The Director of Public Prosecutions, David Calvert-Smith, said he would be issuing new guidelines for crown prosecutors and that he was prepared to consider lowering the current threshold of evidence needed to bring a prosecution.
Such a move would be hugely controversial. The human rights group Liberty warned that any lowering of the standard for bringing prosecutions could create injustice. John Wadham, its director, said: "We would be very concerned about the lowering of the standard. It's bound to mean that more people are arrested, detained, prosecuted and held in custody. A significant number of these people will be innocent."
The Law Society was also cautious. It welcomed the debate but insisted that certain safeguards would have to be in place. Robert Sayer, its president, said: "There must be a proper system for testing the evidence and adequate professional advice."
The DPP is concerned that the CPS may be dominated by the prevailing ethos of the legal profession and is anxious that the "public should own the system". He will launch a massive consultation exercise next year to gauge public opinion on prosecution policy.
Mr Calvert-Smith said he would be willing to consider arguments in favour of reverting to the old prima facie standard of evidence, where prosecutions were brought whenever there was an elementary case to answer. Prosecutions are currently only brought where there is a "realistic prospect" of conviction.
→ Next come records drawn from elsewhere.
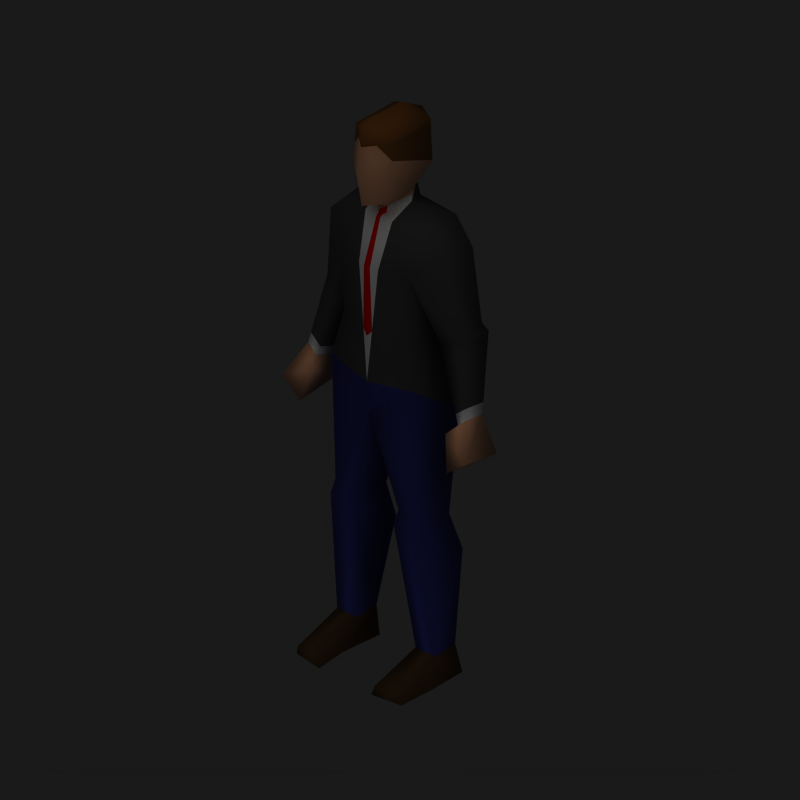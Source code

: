 # Source: male0_skin0.blend  (saved by Blender 2.68.0; exported with 4.5.12 LTS)
import bpy
from mathutils import Matrix  # noqa: F401  (used for matrix-valued properties, if any)

bpy.ops.wm.read_factory_settings(use_empty=True)
scene = bpy.context.scene
scene.name = 'Scene'

# ---- collections
col_collection_1 = bpy.data.collections.new('Collection 1'); scene.collection.children.link(col_collection_1)

# ---- materials (node trees are filled in below, after node groups)
mat_hair = bpy.data.materials.new('Hair')
mat_hair.alpha_threshold = 0.0
mat_hair.diffuse_color = (0.4148, 0.2266, 0.07492, 1.0)
mat_hair.roughness = 0.5
mat_hair.line_color = (0.0, 0.0, 0.0, 1.0)
mat_skin = bpy.data.materials.new('Skin')
mat_skin.alpha_threshold = 0.0
mat_skin.diffuse_color = (0.8715, 0.6001, 0.4337, 1.0)
mat_skin.roughness = 0.5
mat_skin.line_color = (0.0, 0.0, 0.0, 1.0)
mat_jacket = bpy.data.materials.new('Jacket')
mat_jacket.alpha_threshold = 0.0
mat_jacket.diffuse_color = (0.1939, 0.1939, 0.1939, 1.0)
mat_jacket.roughness = 0.5
mat_jacket.line_color = (0.0, 0.0, 0.0, 1.0)
mat_pants = bpy.data.materials.new('Pants')
mat_pants.alpha_threshold = 0.0
mat_pants.diffuse_color = (0.117, 0.1226, 0.4087, 1.0)
mat_pants.roughness = 0.5
mat_pants.line_color = (0.0, 0.0, 0.0, 1.0)
mat_shoes = bpy.data.materials.new('Shoes')
mat_shoes.alpha_threshold = 0.0
mat_shoes.diffuse_color = (0.2274, 0.1394, 0.06836, 1.0)
mat_shoes.roughness = 0.5
mat_shoes.line_color = (0.0, 0.0, 0.0, 1.0)
mat_shirt = bpy.data.materials.new('Shirt')
mat_shirt.alpha_threshold = 0.0
mat_shirt.roughness = 0.5
mat_shirt.line_color = (0.0, 0.0, 0.0, 1.0)
mat_tie = bpy.data.materials.new('Tie')
mat_tie.alpha_threshold = 0.0
mat_tie.diffuse_color = (0.8, 0.0, 0.004416, 1.0)
mat_tie.roughness = 0.5
mat_tie.line_color = (0.0, 0.0, 0.0, 1.0)

# ---- material node trees

# ---- world
world_world = bpy.data.worlds.new('World'); scene.world = world_world
world_world.color = (0.1, 0.1, 0.1)
world_world.use_sun_shadow = False
world_world.sun_shadow_jitter_overblur = 0.0
world_world.cycles.sampling_method = 'MANUAL'
world_world.cycles.sample_map_resolution = 256

# ---- cameras
cam_camera_001 = bpy.data.cameras.new('Camera.001')
cam_camera_001.type = 'ORTHO'
cam_camera_001.passepartout_alpha = 0.2
cam_camera_001.clip_end = 100.0
cam_camera_001.lens = 35.0
cam_camera_001.sensor_width = 32.0
cam_camera_001.sensor_height = 18.0
cam_camera_001.ortho_scale = 2.5
cam_camera_001.show_passepartout = False
cam_camera_001.show_safe_areas = True
cam_camera_001.dof.focus_distance = 0.0
cam_camera_001.dof.aperture_fstop = 128.0

# ---- lights
light_lamp_001 = bpy.data.lights.new('Lamp.001', 'SUN')
light_lamp_001.transmission_factor = 0.0
light_lamp_001.angle = 1.571
light_lamp_001.energy = 1.0
light_lamp_001.shadow_buffer_clip_start = 0.5
light_lamp_001.shadow_soft_size = 1.0
light_lamp_001.shadow_cascade_max_distance = 1000.0
light_lamp_001.cycles.use_multiple_importance_sampling = False

# ---- meshes
me_cube = bpy.data.meshes.new('Cube')
me_cube.from_pydata([(0.204, 0.01271, 0.586), (0.1823, -0.1024, 0.6015), (0.09565, -0.1024, 0.6015), (0.07395, 0.01271, 0.586), (0.1459, 0.0418, 0.1019), (0.1302, -0.06054, 0.1019), (0.2169, -0.06055, 0.1019), (0.2013, 0.0418, 0.1019), (0.2186, 0.05678, 0.001012), (0.1286, 0.03839, 0.001012), (0.1326, -0.1145, 0.001012), (0.2308, -0.08831, 0.001012), (0.1379, -0.2492, 0.04215), (0.2167, -0.2358, 0.03405), (0.2314, -0.2248, -0.001025), (0.1158, -0.2421, -0.001025), (0.08696, -0.1151, 0.5496), (0.191, -0.1151, 0.5496), (0.07599, 0.05879, 0.4461), (0.2178, 0.05879, 0.4461), (0.1632, -0.1378, 1.074), (0.1631, 0.07123, 1.062), (0.1928, 0.06929, 0.9393), (0.1341, -0.1131, 1.232), (0.156, 0.03959, 1.232), (0.1507, -0.1102, 1.457), (0.167, 0.1049, 1.505), (0.1293, -0.0908, 1.622), (0.1723, 0.07553, 1.627), (0.2929, 0.06865, 1.288), (0.2943, -0.02587, 1.262), (0.2245, 0.06417, 1.238), (0.2168, -0.03358, 1.213), (0.0632, -0.01068, 1.664), (0.3126, 0.07893, 1.262), (0.2437, 0.07893, 1.182), (0.3487, -0.05656, 1.006), (0.3121, -0.05656, 0.9752), (0.3515, 0.01312, 1.004), (0.2372, -0.06798, 1.543), (0.2569, 0.06407, 1.547), (0.4032, -0.1185, 0.8924), (0.2872, -0.08714, 0.9454), (0.3094, 0.02686, 0.9434), (0.3859, 0.04137, 0.863), (0.3238, -0.1185, 0.8306), (0.3207, 0.03957, 0.8566), (0.06937, -0.01068, 1.713), (0.06036, -0.1172, 1.695), (0.08797, -0.1199, 1.801), (0.07911, -0.1143, 1.917), (0.08797, 0.05541, 1.796), (0.07911, 0.05677, 1.921), (-0.07911, 0.05677, 1.921), (-1.873e-06, 0.09801, 1.921), (-1.873e-06, 0.1163, 1.771), (-0.08797, 0.05541, 1.796), (-0.07911, -0.1143, 1.917), (-0.08797, -0.1199, 1.801), (-1.962e-06, -0.1722, 1.898), (-1.932e-06, -0.1869, 1.781), (-1.932e-06, -0.1699, 1.685), (-0.06036, -0.1172, 1.695), (-1.873e-06, 0.06919, 1.695), (-1.932e-06, -0.0905, 1.668), (-0.06937, -0.01068, 1.713), (-0.3207, 0.03957, 0.8566), (-0.3238, -0.1185, 0.8306), (-0.3859, 0.04137, 0.863), (-0.3094, 0.02686, 0.9434), (-0.2872, -0.08714, 0.9454), (-0.4032, -0.1185, 0.8924), (-0.2569, 0.06407, 1.547), (-0.2372, -0.06798, 1.543), (-2.052e-06, -0.09586, 1.618), (-1.992e-06, 0.09081, 1.621), (-0.3515, 0.01312, 1.004), (-0.3121, -0.05656, 0.9752), (-0.3487, -0.05656, 1.006), (-0.2437, 0.07893, 1.182), (-0.3126, 0.07893, 1.262), (-0.0632, -0.01068, 1.664), (-0.2168, -0.03358, 1.213), (-0.2245, 0.06417, 1.238), (-0.2943, -0.02587, 1.262), (-0.2929, 0.06865, 1.288), (-0.1723, 0.07553, 1.627), (-0.1293, -0.0908, 1.622), (-2.051e-06, -0.1503, 1.456), (-1.992e-06, 0.1427, 1.52), (-0.167, 0.1049, 1.505), (-0.1507, -0.1102, 1.457), (-2.23e-06, -0.1477, 1.229), (-2.171e-06, 0.08242, 1.229), (-0.156, 0.03959, 1.232), (-0.1341, -0.1131, 1.232), (-0.1928, 0.06929, 0.9393), (-2.052e-06, 0.09277, 0.9319), (-2.141e-06, -0.1363, 0.9335), (-2.052e-06, 0.1298, 1.036), (-2.141e-06, -0.1463, 1.042), (-0.1631, 0.07123, 1.062), (-0.1632, -0.1378, 1.074), (-0.2178, 0.05879, 0.4461), (-0.07599, 0.05879, 0.4461), (-0.191, -0.1151, 0.5496), (-0.08696, -0.1151, 0.5496), (-0.1158, -0.2421, -0.001025), (-0.2314, -0.2248, -0.001025), (-0.2167, -0.2358, 0.03405), (-0.1379, -0.2492, 0.04215), (-0.2308, -0.08831, 0.001012), (-0.1326, -0.1145, 0.001012), (-0.1286, 0.03839, 0.001012), (-0.2186, 0.05678, 0.001012), (-0.2013, 0.0418, 0.1019), (-0.2169, -0.06055, 0.1019), (-0.1302, -0.06054, 0.1019), (-0.1459, 0.0418, 0.1019), (-0.07395, 0.01271, 0.586), (-0.09565, -0.1024, 0.6015), (-0.1823, -0.1024, 0.6015), (-0.204, 0.01271, 0.586), (0.07911, -0.1159, 1.931), (0.07911, 0.05677, 1.938), (-1.787e-06, 0.01515, 1.985), (-1.814e-06, -0.1037, 1.985), (-0.07911, 0.05677, 1.938), (-1.873e-06, 0.09801, 1.938), (-0.07911, -0.1159, 1.931), (-1.962e-06, -0.1689, 1.961), (0.08354, -0.1171, 1.859), (-0.03956, -0.1432, 1.908), (-0.08354, -0.1171, 1.859), (0.03955, -0.1432, 1.908), (0.04399, -0.146, 1.85), (-0.04399, -0.146, 1.85), (0.3021, -0.03026, 1.225), (0.3099, -0.03464, 1.189), (0.3177, -0.03902, 1.152), (0.3254, -0.04341, 1.116), (0.3332, -0.04779, 1.079), (0.341, -0.05217, 1.043), (0.2304, -0.03686, 1.179), (0.244, -0.04015, 1.145), (0.2576, -0.04343, 1.111), (0.2712, -0.04671, 1.077), (0.2849, -0.04999, 1.043), (0.2985, -0.05327, 1.009), (0.3181, 0.06953, 1.225), (0.3237, 0.06013, 1.188), (0.3292, 0.05072, 1.151), (0.3348, 0.04132, 1.115), (0.3404, 0.03192, 1.078), (0.3459, 0.02252, 1.041), (0.2531, 0.07149, 1.148), (0.2625, 0.06405, 1.114), (0.2718, 0.05661, 1.08), (0.2812, 0.04918, 1.046), (0.2906, 0.04174, 1.012), (0.3, 0.0343, 0.9775), (-0.3, 0.0343, 0.9775), (-0.2906, 0.04174, 1.012), (-0.2812, 0.04918, 1.046), (-0.2718, 0.05661, 1.08), (-0.2625, 0.06405, 1.114), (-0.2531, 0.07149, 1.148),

Mr Calvert-Smith admitted that a prima facie system would "cost millions" to administer and that it had been criticised in the past because of high rates of acquittal. He said: "The old-fashioned view was that if there was a prima facie case, the prosecution should not act as judge and jury." He said that the view was that only the judge and jury should have that role. If prima facie was reintroduced, the DPP admitted, "a lot of innocent people" being brought before the courts, which he said was "a bit unfair".
But he said: "With the realistic prospect test, a lot of people who might have been guilty are never actually prosecuted."
Mr Calvert-Smith said the fact that the current prosecution standard resulted in a 60 per cent conviction rate for not-guilty pleas was "an indication that we are doing it about right". He said that he would make the final decision on whether any change to the prosecution standard was necessary but said: "In the end it is my code but I would rather take in as many informed views as I can."
The DPP has been deeply impressed with the way Sir William Macpherson of Cluny's inquiry into the murder ofStephen Lawrence opened up the public debate on the workings of the law. He is anxious that the CPS is similarly subject to such public discussion.
The new guidelines for Crown Prosecutors will be the first since 1994, when Mr Calvert-Smith's predecessor, Dame Barbara Mills, published a document based on the views of the legal profession.
This will be the first time this area has been the subject of a public consultation exercise and Mr Calvert-Smith said he hoped the new code for prosecutors would be made available in schools, to encourage a greater understanding of the work of the CPS.
The DPP said he had received large amounts of correspondence from the public, asking why prosecutions, particularly in rape and sex abuse cases, had been dropped. People could not understand why the CPS had decided it was "not in the public interest" to proceed in cases of petty theft.
Mr Calvert-Smith said that although judges and lawyers were often accused of living in "ivory towers," the public needed to make a greater effort to understand the way the law worked. He said: "We all watch LA Law and love Kavanagh QC but it's unlikely that people have any more than the dimmest view of how [the criminal justice system] works."